Examine each line of the data, and copy the ones containing "design".

(Stored items)

:::

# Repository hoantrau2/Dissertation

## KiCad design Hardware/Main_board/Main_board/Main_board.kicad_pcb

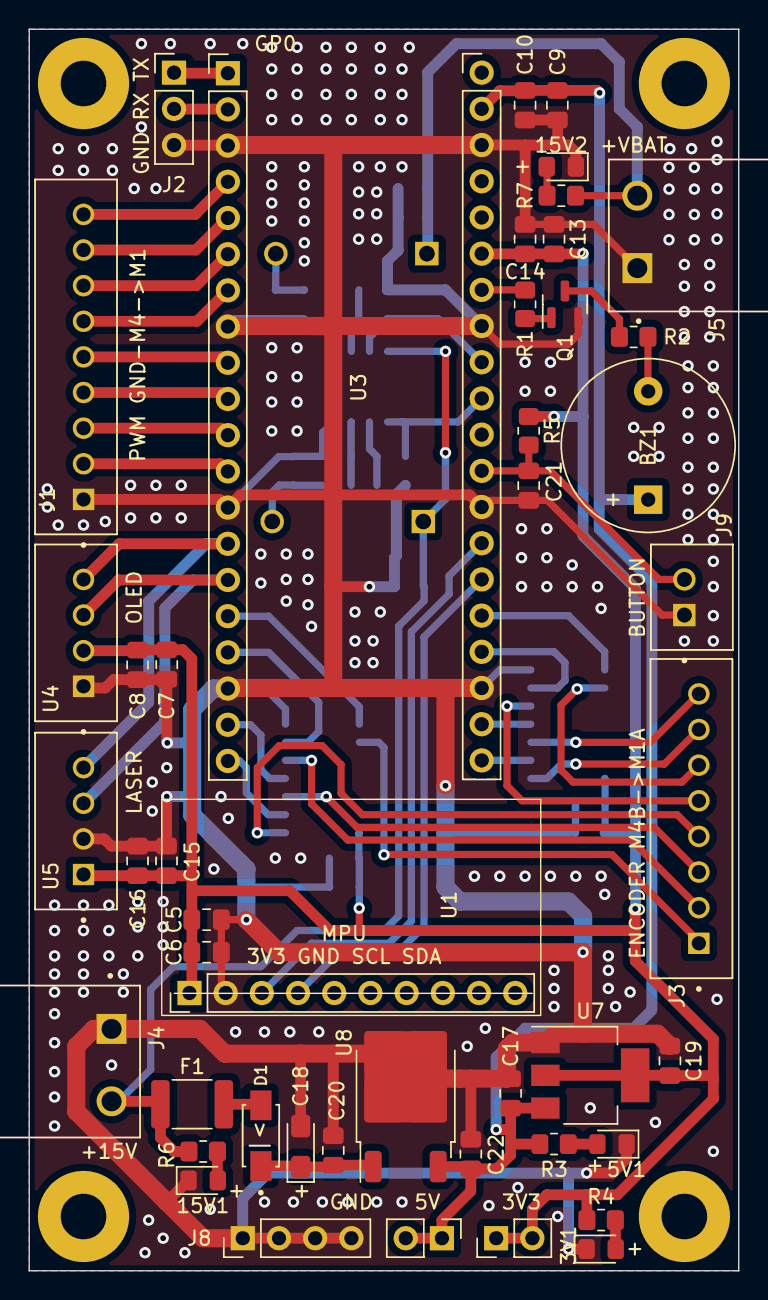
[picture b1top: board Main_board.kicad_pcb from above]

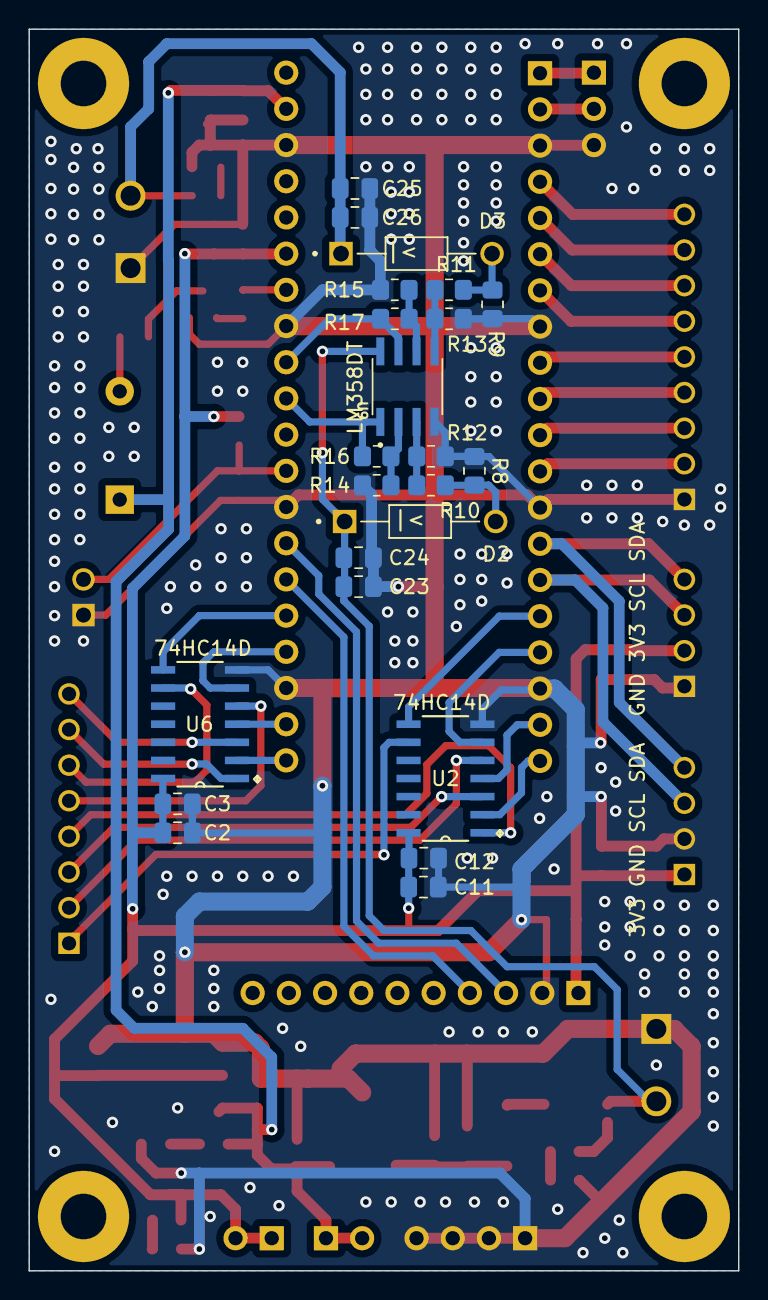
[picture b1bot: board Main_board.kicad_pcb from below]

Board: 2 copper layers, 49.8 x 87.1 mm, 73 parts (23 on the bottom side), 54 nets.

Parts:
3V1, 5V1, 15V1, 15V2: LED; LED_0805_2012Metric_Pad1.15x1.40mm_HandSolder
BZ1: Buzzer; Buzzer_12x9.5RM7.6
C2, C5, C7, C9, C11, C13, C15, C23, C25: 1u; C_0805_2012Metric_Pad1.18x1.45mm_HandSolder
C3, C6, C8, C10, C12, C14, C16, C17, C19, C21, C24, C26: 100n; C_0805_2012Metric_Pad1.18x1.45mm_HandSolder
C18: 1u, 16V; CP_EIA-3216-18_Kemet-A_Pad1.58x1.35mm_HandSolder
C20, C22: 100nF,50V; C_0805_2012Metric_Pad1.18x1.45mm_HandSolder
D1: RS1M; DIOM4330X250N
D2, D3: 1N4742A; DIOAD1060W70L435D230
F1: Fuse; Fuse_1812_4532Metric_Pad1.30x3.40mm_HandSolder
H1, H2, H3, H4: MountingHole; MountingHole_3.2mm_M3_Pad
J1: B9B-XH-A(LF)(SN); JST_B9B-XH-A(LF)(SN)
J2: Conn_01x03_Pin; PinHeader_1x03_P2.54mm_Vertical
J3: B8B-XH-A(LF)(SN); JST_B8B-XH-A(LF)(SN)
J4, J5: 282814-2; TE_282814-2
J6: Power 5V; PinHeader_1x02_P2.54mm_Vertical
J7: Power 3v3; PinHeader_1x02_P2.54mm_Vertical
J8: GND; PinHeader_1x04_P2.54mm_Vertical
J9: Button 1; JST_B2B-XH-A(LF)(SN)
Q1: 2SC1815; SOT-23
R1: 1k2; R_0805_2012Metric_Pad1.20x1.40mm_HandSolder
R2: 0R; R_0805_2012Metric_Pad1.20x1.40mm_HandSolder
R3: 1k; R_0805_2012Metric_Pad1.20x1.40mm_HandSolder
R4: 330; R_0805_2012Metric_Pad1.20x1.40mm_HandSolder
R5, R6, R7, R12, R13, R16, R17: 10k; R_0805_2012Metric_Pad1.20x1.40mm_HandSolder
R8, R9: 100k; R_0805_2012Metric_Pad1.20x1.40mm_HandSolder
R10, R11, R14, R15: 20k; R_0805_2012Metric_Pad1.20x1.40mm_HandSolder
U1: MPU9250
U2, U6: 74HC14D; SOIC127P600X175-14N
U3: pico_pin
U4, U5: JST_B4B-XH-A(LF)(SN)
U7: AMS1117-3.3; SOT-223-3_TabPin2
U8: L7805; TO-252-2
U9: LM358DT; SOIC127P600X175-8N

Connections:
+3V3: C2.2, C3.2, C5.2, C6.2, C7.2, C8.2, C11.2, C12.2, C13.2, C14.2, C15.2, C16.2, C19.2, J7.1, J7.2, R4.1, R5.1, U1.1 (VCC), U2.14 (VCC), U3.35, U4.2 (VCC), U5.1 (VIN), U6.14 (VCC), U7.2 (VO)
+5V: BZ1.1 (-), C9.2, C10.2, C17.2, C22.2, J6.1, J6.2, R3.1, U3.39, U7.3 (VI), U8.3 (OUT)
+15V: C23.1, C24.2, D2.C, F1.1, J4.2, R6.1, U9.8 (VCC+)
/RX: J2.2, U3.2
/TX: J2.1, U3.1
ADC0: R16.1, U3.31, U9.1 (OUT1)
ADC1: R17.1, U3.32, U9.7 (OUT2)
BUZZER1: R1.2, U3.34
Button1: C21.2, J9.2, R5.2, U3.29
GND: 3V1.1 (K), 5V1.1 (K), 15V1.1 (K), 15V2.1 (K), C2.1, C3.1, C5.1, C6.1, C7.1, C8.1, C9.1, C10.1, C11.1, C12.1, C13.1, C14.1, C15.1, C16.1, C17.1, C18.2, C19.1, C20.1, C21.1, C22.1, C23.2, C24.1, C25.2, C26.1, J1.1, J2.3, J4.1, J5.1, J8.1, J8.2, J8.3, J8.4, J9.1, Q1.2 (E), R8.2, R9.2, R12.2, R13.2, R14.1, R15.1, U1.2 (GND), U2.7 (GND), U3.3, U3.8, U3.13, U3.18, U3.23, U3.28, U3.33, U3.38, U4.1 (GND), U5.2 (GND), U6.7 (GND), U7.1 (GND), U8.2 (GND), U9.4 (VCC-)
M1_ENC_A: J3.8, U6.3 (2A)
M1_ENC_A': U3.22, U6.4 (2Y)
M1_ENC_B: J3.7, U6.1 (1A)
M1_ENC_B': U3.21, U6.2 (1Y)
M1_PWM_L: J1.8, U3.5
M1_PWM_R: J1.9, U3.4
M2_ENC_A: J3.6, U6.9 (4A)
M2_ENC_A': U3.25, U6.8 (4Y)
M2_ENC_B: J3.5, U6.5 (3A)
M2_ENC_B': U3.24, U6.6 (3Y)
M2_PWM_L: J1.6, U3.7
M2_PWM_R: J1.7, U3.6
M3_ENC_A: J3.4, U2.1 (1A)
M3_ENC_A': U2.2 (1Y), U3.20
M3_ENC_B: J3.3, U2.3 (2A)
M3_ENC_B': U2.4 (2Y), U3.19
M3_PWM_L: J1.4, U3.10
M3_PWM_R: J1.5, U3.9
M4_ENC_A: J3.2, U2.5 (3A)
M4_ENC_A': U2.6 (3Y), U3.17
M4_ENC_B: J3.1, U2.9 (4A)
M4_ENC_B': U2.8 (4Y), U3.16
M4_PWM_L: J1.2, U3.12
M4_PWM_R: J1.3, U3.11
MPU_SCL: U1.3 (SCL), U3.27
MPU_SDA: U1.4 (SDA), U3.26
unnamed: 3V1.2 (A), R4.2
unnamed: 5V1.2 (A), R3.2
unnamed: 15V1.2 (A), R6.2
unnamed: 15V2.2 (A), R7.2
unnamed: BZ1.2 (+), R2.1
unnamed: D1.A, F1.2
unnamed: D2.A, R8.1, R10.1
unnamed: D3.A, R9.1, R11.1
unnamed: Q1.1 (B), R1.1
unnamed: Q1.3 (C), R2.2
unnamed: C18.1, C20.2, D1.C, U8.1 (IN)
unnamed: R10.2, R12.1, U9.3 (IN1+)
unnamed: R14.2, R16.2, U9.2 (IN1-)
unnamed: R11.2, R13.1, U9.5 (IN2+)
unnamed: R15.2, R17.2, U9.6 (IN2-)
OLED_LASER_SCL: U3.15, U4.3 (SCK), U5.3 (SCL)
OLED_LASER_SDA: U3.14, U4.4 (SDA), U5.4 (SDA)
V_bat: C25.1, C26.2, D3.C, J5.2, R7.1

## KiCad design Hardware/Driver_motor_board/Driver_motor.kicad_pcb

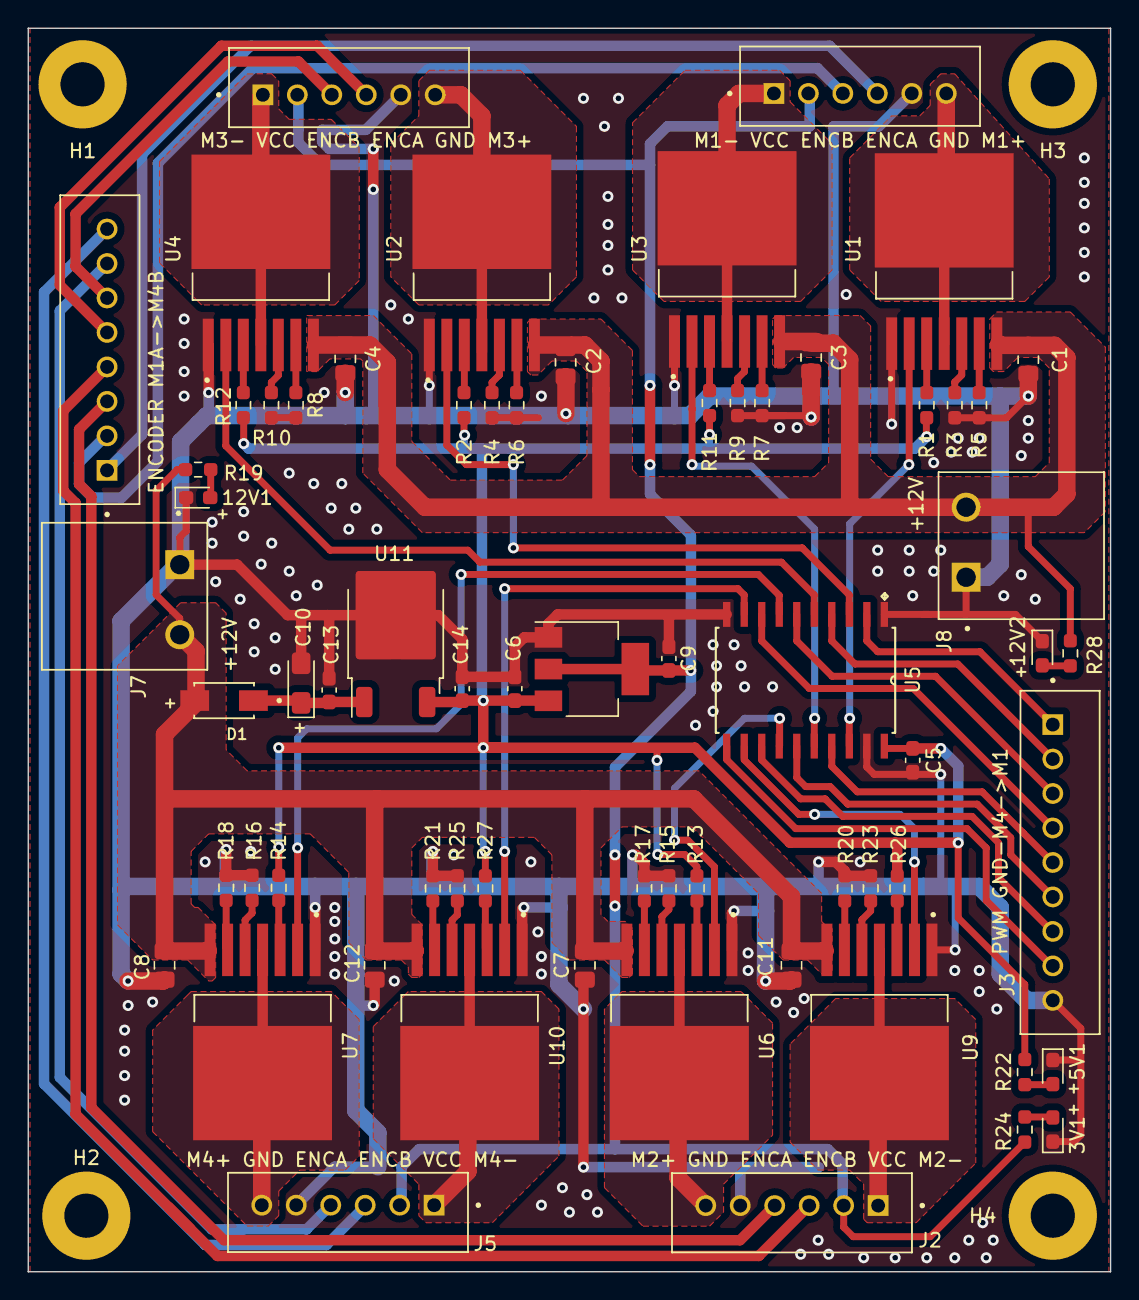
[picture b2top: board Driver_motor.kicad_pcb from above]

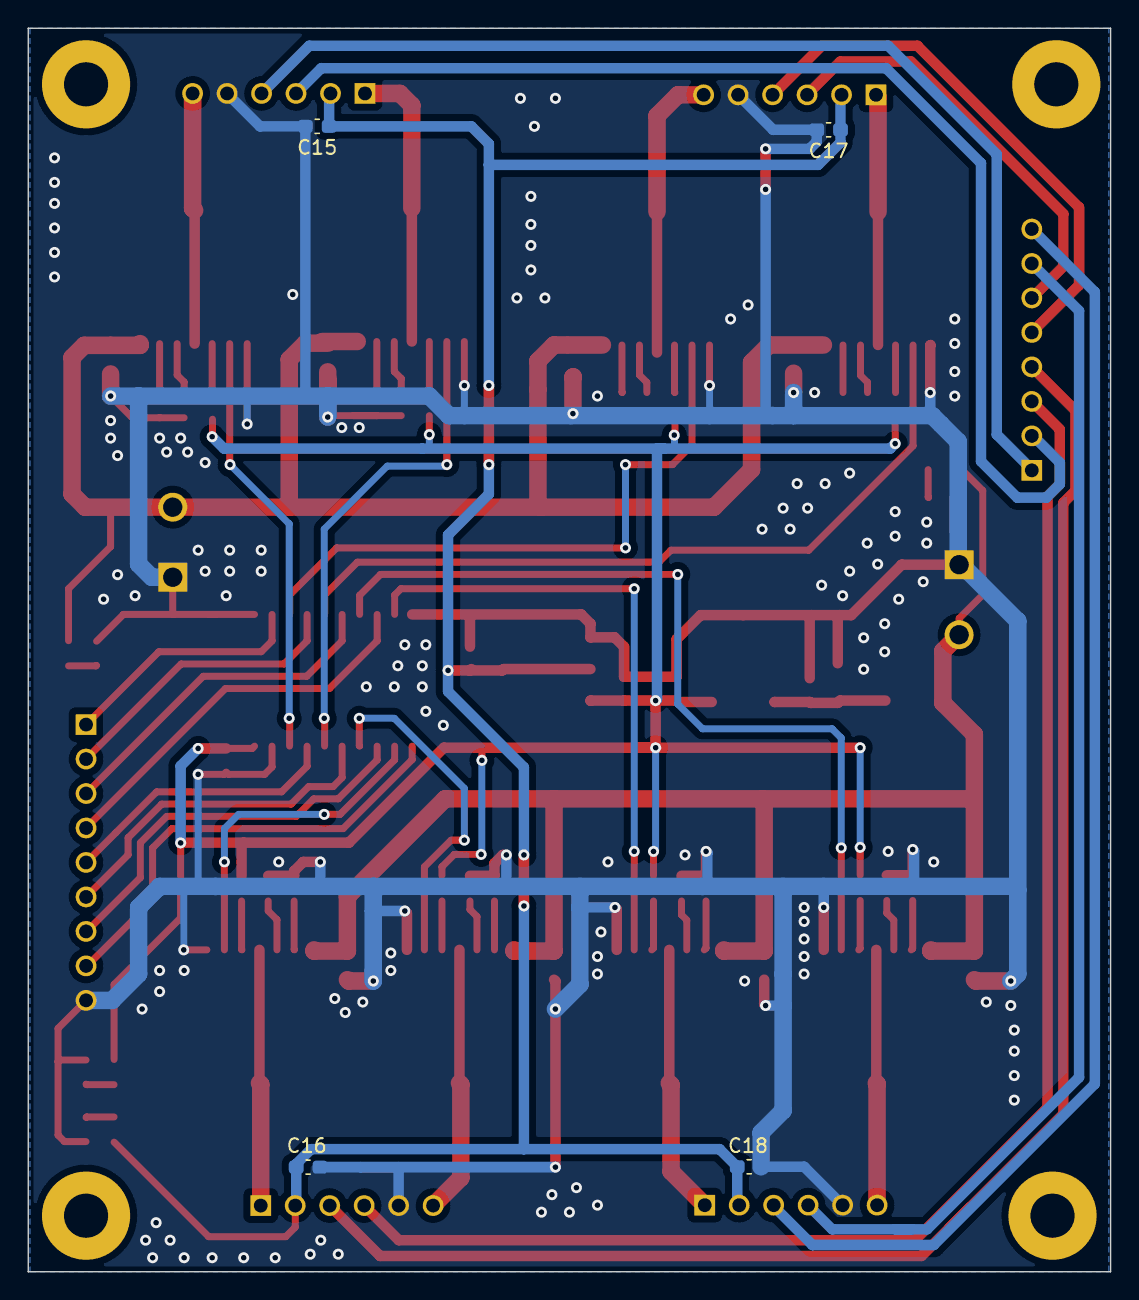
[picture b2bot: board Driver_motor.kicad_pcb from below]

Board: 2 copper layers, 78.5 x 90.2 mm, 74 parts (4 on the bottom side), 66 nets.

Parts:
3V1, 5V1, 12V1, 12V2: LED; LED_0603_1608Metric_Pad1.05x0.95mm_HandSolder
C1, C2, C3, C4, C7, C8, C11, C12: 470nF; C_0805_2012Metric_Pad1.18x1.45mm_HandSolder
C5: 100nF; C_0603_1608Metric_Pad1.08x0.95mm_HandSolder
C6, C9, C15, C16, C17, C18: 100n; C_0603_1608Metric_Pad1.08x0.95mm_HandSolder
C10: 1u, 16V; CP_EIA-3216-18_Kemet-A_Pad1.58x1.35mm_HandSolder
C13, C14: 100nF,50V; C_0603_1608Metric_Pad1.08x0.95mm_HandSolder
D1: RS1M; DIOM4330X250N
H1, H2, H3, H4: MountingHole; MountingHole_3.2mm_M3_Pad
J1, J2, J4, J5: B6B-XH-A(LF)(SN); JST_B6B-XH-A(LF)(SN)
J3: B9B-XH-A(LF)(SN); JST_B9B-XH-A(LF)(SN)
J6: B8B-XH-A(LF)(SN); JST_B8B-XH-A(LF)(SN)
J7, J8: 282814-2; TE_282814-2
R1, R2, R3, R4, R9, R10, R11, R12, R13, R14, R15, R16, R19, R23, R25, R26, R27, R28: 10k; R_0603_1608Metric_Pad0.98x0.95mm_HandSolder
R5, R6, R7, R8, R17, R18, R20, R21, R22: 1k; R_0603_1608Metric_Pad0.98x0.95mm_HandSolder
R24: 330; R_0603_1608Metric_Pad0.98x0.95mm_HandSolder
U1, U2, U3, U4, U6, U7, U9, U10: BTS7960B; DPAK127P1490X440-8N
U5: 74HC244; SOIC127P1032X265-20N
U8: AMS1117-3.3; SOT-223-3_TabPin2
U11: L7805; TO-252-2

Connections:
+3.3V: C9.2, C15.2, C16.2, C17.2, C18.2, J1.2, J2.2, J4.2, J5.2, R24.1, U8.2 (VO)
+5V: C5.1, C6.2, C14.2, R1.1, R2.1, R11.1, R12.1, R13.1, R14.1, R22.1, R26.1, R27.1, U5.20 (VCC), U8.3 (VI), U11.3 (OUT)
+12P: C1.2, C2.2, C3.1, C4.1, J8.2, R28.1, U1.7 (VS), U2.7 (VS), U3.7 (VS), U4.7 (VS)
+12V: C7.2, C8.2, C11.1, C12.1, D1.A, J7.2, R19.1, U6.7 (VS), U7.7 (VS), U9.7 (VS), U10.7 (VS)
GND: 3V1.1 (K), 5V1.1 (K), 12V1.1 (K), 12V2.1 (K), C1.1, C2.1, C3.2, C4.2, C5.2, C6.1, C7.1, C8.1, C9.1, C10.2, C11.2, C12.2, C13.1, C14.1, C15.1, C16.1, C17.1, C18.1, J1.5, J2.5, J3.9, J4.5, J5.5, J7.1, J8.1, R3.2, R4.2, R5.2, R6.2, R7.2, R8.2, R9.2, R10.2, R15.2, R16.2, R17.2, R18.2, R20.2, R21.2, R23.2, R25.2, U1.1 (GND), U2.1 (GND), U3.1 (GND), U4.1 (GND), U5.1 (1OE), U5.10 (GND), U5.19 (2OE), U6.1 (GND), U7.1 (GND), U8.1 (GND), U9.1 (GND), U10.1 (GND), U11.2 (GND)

:::

- [Answer for this exercise]:
## KiCad design Hardware/Main_board/Main_board/Main_board.kicad_pcb
## KiCad design Hardware/Driver_motor_board/Driver_motor.kicad_pcb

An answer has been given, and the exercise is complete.